We can fix our inconsistentRead() function by making it completely synchronous or completely asynchronous.

Using synchronous APIs

Node.js provides a set of synchronous direct style APIs for most basic I/O operations. For example, we can use the fs.readFileSync() function in place of its asynchronous counterpart.

import { readFileSync } from 'fs'
const cache = new Map()
function consistentReadSync (filename) {
    if (cache.has(filename)) {
       return cache.get(filename)
    } else {
       const data = readFileSync(filename, 'utf8')
       cache.set(filename, data)
       return data
    }
}

Bear in mind that changing an API from async to sync or vice versa, will require a change to the style of all the code using it. So we will have to totally change the interface of our createFileReader() API and adapt it so that it always works synchronously.
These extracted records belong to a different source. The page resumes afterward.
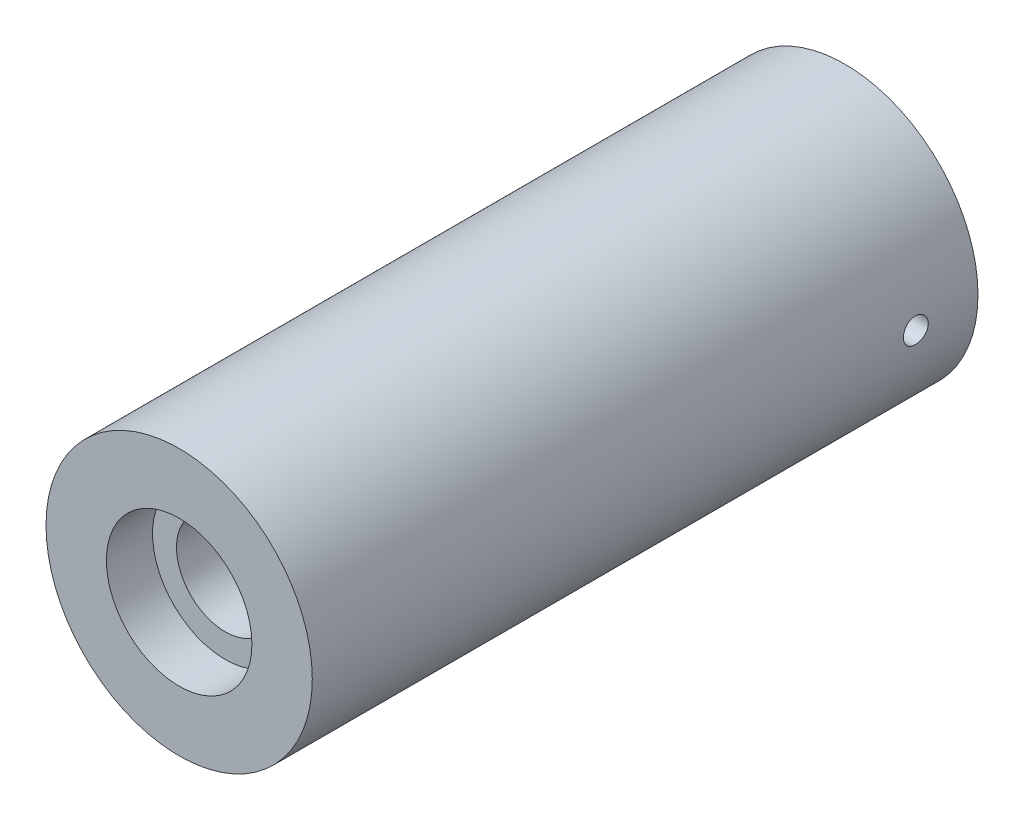
ISO-10303-21;
HEADER;
FILE_DESCRIPTION(('STEP AP214'),'2;1');
FILE_NAME('part.step','',(''),(''),'','','');
FILE_SCHEMA(('AUTOMOTIVE_DESIGN { 1 0 10303 214 1 1 1 1 }'));
ENDSEC;
DATA;
#1=APPLICATION_CONTEXT('core data for automotive mechanical design processes');
#2=APPLICATION_PROTOCOL_DEFINITION('international standard','automotive_design',2000,#1);
#3=PRODUCT_CONTEXT('',#1,'mechanical');
#4=PRODUCT('Part','Part','',(#3));
#5=PRODUCT_RELATED_PRODUCT_CATEGORY('part','',(#4));
#6=PRODUCT_DEFINITION_FORMATION('','',#4);
#7=PRODUCT_DEFINITION_CONTEXT('part definition',#1,'design');
#8=PRODUCT_DEFINITION('design','',#6,#7);
#9=PRODUCT_DEFINITION_SHAPE('','',#8);
#10=(LENGTH_UNIT() NAMED_UNIT(*) SI_UNIT(.MILLI.,.METRE.));
#11=(NAMED_UNIT(*) PLANE_ANGLE_UNIT() SI_UNIT($,.RADIAN.));
#12=(NAMED_UNIT(*) SI_UNIT($,.STERADIAN.) SOLID_ANGLE_UNIT());
#13=UNCERTAINTY_MEASURE_WITH_UNIT(LENGTH_MEASURE(1.E-05),#10,'distance_accuracy_value','');
#14=(GEOMETRIC_REPRESENTATION_CONTEXT(3) GLOBAL_UNCERTAINTY_ASSIGNED_CONTEXT((#13)) GLOBAL_UNIT_ASSIGNED_CONTEXT((#10,
#11,#12)) REPRESENTATION_CONTEXT('',''));
#15=CARTESIAN_POINT('',(0.,0.,0.));
#16=DIRECTION('',(0.,0.,1.));
#17=DIRECTION('',(1.,0.,0.));
#18=AXIS2_PLACEMENT_3D('',#15,#16,#17);
#19=CARTESIAN_POINT('',(2.25,1.08972473588517,25.));
#20=DIRECTION('',(1.,0.,0.));
#21=DIRECTION('',(0.,0.,-1.));
#22=AXIS2_PLACEMENT_3D('',#19,#20,#21);
#23=PLANE('',#22);
#24=DIRECTION('',(0.,1.,0.));
#25=VECTOR('',#24,1.);
#26=CARTESIAN_POINT('',(2.25,1.08972473588517,10.));
#27=LINE('',#26,#25);
#28=CARTESIAN_POINT('',(2.25,-1.08972473588517,10.));
#29=VERTEX_POINT('',#28);
#30=CARTESIAN_POINT('',(2.25,1.08972473588517,10.));
#31=VERTEX_POINT('',#30);
#32=EDGE_CURVE('E74',#29,#31,#27,.T.);
#33=ORIENTED_EDGE('',*,*,#32,.F.);
#34=DIRECTION('',(0.,0.,-1.));
#35=VECTOR('',#34,1.);
#36=CARTESIAN_POINT('',(2.25,-1.08972473588517,25.));
#37=LINE('',#36,#35);
#38=CARTESIAN_POINT('',(2.25,-1.08972473588517,25.));
#39=VERTEX_POINT('',#38);
#40=EDGE_CURVE('E54',#39,#29,#37,.T.);
#41=ORIENTED_EDGE('',*,*,#40,.F.);
#42=DIRECTION('',(0.,-1.,0.));
#43=VECTOR('',#42,1.);
#44=CARTESIAN_POINT('',(2.25,1.08972473588517,25.));
#45=LINE('',#44,#43);
#46=CARTESIAN_POINT('',(2.25,1.08972473588517,25.));
#47=VERTEX_POINT('',#46);
#48=EDGE_CURVE('E81',#47,#39,#45,.T.);
#49=ORIENTED_EDGE('',*,*,#48,.F.);
#50=DIRECTION('',(0.,0.,-1.));
#51=VECTOR('',#50,1.);
#52=CARTESIAN_POINT('',(2.25,1.08972473588517,25.));
#53=LINE('',#52,#51);
#54=EDGE_CURVE('E65',#47,#31,#53,.T.);
#55=ORIENTED_EDGE('',*,*,#54,.T.);
#56=EDGE_LOOP('',(#33,#41,#49,#55));
#57=FACE_BOUND('',#56,.T.);
#58=ADVANCED_FACE('F39',(#57),#23,.F.);
#59=CARTESIAN_POINT('',(0.,0.,0.));
#60=DIRECTION('',(0.,0.,1.));
#61=DIRECTION('',(1.,0.,0.));
#62=AXIS2_PLACEMENT_3D('',#59,#60,#61);
#63=PLANE('',#62);
#64=CARTESIAN_POINT('',(0.,0.,0.));
#65=DIRECTION('',(0.,0.,1.));
#66=DIRECTION('',(1.,0.,0.));
#67=AXIS2_PLACEMENT_3D('',#64,#65,#66);
#68=CIRCLE('',#67,15.);
#69=CARTESIAN_POINT('',(15.,0.,0.));
#70=VERTEX_POINT('',#69);
#71=EDGE_CURVE('E42',#70,#70,#68,.T.);
#72=ORIENTED_EDGE('',*,*,#71,.F.);
#73=EDGE_LOOP('',(#72));
#74=FACE_BOUND('',#73,.T.);
#75=CARTESIAN_POINT('',(0.,0.,0.));
#76=DIRECTION('',(0.,0.,-1.));
#77=DIRECTION('',(-1.,0.,0.));
#78=AXIS2_PLACEMENT_3D('',#75,#76,#77);
#79=CIRCLE('',#78,2.5);
#80=CARTESIAN_POINT('',(-2.5,0.,0.));
#81=VERTEX_POINT('',#80);
#82=EDGE_CURVE('E89',#81,#81,#79,.T.);
#83=ORIENTED_EDGE('',*,*,#82,.F.);
#84=EDGE_LOOP('',(#83));
#85=FACE_BOUND('',#84,.T.);
#86=ADVANCED_FACE('F97',(#74,#85),#63,.F.);
#87=CARTESIAN_POINT('',(0.,0.,75.));
#88=DIRECTION('',(0.,0.,-1.));
#89=DIRECTION('',(-1.,0.,0.));
#90=AXIS2_PLACEMENT_3D('',#87,#88,#89);
#91=CYLINDRICAL_SURFACE('',#90,15.);
#92=CARTESIAN_POINT('',(15.,0.,5.6));
#93=CARTESIAN_POINT('',(14.9999991517165,-0.0784554861699881,5.60000341027062));
#94=CARTESIAN_POINT('',(14.9993779241683,-0.156963492418424,5.60661712029103));
#95=CARTESIAN_POINT('',(14.9969594575657,-0.311804808033329,5.63290170743571));
#96=CARTESIAN_POINT('',(14.9951609074241,-0.388135593795627,5.65258714181733));
#97=CARTESIAN_POINT('',(14.9905909128656,-0.536357658042687,5.70443873188212));
#98=CARTESIAN_POINT('',(14.9878200405156,-0.60825151781433,5.73659755000731));
#99=CARTESIAN_POINT('',(14.9816156153183,-0.745604629702637,5.81246925392286));
#100=CARTESIAN_POINT('',(14.9781821984822,-0.811065198327592,5.85617976899219));
#101=CARTESIAN_POINT('',(14.9710254534397,-0.933916488889261,5.95406249153831));
#102=CARTESIAN_POINT('',(14.9673013394379,-0.991284072068567,6.008263685364));
#103=CARTESIAN_POINT('',(14.9599894683063,-1.09612219314731,6.12552756855102));
#104=CARTESIAN_POINT('',(14.9564017173533,-1.143592283162,6.18859065871783));
#105=CARTESIAN_POINT('',(14.9497606080928,-1.22736849148067,6.32193123636561));
#106=CARTESIAN_POINT('',(14.9467082454895,-1.26365390166605,6.39222178833874));
#107=CARTESIAN_POINT('',(14.9414929816294,-1.32389849677488,6.53793122010739));
#108=CARTESIAN_POINT('',(14.9393300610498,-1.34785794947726,6.61334998845314));
#109=CARTESIAN_POINT('',(14.936145496082,-1.38270247263863,6.76694053549127));
#110=CARTESIAN_POINT('',(14.9351205242785,-1.39362566877907,6.84510359461255));
#111=CARTESIAN_POINT('',(14.9343175096359,-1.40220543303307,7.00215986702185));
#112=CARTESIAN_POINT('',(14.9345394379811,-1.39986230772999,7.0810530633944));
#113=CARTESIAN_POINT('',(14.936202115248,-1.38200740057497,7.23706796046477));
#114=CARTESIAN_POINT('',(14.9376390188335,-1.36653716483014,7.31419446257597));
#115=CARTESIAN_POINT('',(14.9415637279929,-1.3229317833289,7.4647514770717));
#116=CARTESIAN_POINT('',(14.9440515461114,-1.29479648639373,7.53818194532623));
#117=CARTESIAN_POINT('',(14.9498021974978,-1.22661350410638,7.67939420224959));
#118=CARTESIAN_POINT('',(14.9530662340639,-1.18654729883092,7.74716699775896));
#119=CARTESIAN_POINT('',(14.9600004940727,-1.09565315755664,7.8750417054853));
#120=CARTESIAN_POINT('',(14.9636707278602,-1.04482494744639,7.93514342225514));
#121=CARTESIAN_POINT('',(14.9710209657405,-0.933617166390655,8.04621138978885));
#122=CARTESIAN_POINT('',(14.9747009532956,-0.873201699642548,8.09714170757638));
#123=CARTESIAN_POINT('',(14.9816427135684,-0.744659269520931,8.18814293212557));
#124=CARTESIAN_POINT('',(14.9849044859039,-0.676532299100624,8.22821382896373));
#125=CARTESIAN_POINT('',(14.9906431773787,-0.534476488924546,8.29635696928917));
#126=CARTESIAN_POINT('',(14.9931199836404,-0.46054681664963,8.32442748733264));
#127=CARTESIAN_POINT('',(14.9970084692196,-0.308995503147893,8.36774721317623));
#128=CARTESIAN_POINT('',(14.9984201762744,-0.231373958121248,8.38299675486298));
#129=CARTESIAN_POINT('',(15.0000158417889,-0.0749535881952363,8.40019628923636));
#130=CARTESIAN_POINT('',(15.0002043794813,0.00383973753803389,8.40219588692052));
#131=CARTESIAN_POINT('',(14.9993447216857,0.160640433579482,8.39296891561115));
#132=CARTESIAN_POINT('',(14.9982965407188,0.238647813105209,8.38174250191435));
#133=CARTESIAN_POINT('',(14.9950842081504,0.391519830572331,8.34642332144968));
#134=CARTESIAN_POINT('',(14.9929220627913,0.466389857621273,8.32235368247737));
#135=CARTESIAN_POINT('',(14.9877244991512,0.611029155301125,8.26205500629568));
#136=CARTESIAN_POINT('',(14.9846890637001,0.680798325609114,8.22582573001061));
#137=CARTESIAN_POINT('',(14.9780733491988,0.81348031772675,8.14211248475457));
#138=CARTESIAN_POINT('',(14.9744914978868,0.876372424882499,8.09459581014424));
#139=CARTESIAN_POINT('',(14.9671902213441,0.993305576308237,7.98970363376357));
#140=CARTESIAN_POINT('',(14.9634707931127,1.04734642737625,7.93232791684965));
#141=CARTESIAN_POINT('',(14.9562998789109,1.1452144045754,7.8091303964511));
#142=CARTESIAN_POINT('',(14.9528492674784,1.18900905261651,7.74328273437906));
#143=CARTESIAN_POINT('',(14.9466196226998,1.26491843045986,7.60513853058526));
#144=CARTESIAN_POINT('',(14.9438405812031,1.29703330201919,7.53284206714569));
#145=CARTESIAN_POINT('',(14.9392739803509,1.34861672923249,7.38396539766082));
#146=CARTESIAN_POINT('',(14.9374848881862,1.36810484384011,7.3073920174401));
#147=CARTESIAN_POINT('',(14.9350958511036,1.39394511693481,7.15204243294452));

  • Always choose a direct style for purely synchronous functions to eliminate any confusion around its nature and will also be more efficient from a performance perspective.
  • Use blocking APIs sparingly and only when they don't affect the ability of the application to handle concurrent asynchronous operations.

Using asynchronous APIs

We can make our inconsistentRead() function purely asynchronous, by scheduling the synchronous callback invocation to be executed in the future instead of running immediately in the same event loop cycle. In Node.js, this is possible with process.nextTick() , which defers the execution of a function after the currently running operation completes. Its functionality is very simple: it takes a callback as an argument and pushes it to the top of the event queue, in front of any pending I/O event, and returns immediately.

import { readFile } from 'fs'
const cache = new Map()
function consistentReadAsync (filename, callback) {
     if (cache.has(filename)) {
          // deferred callback invocation
          process.nextTick(() => callback(cache.get(filename)))
      } else {
         // asynchronous function
         readFile(filename, 'utf8', (err, data) => {
              cache.set(filename, data)
              callback(data)
      })
   }
}

Now, thanks to process.nextTick() , our function is guaranteed to invoke its callback asynchronously, under any circumstances.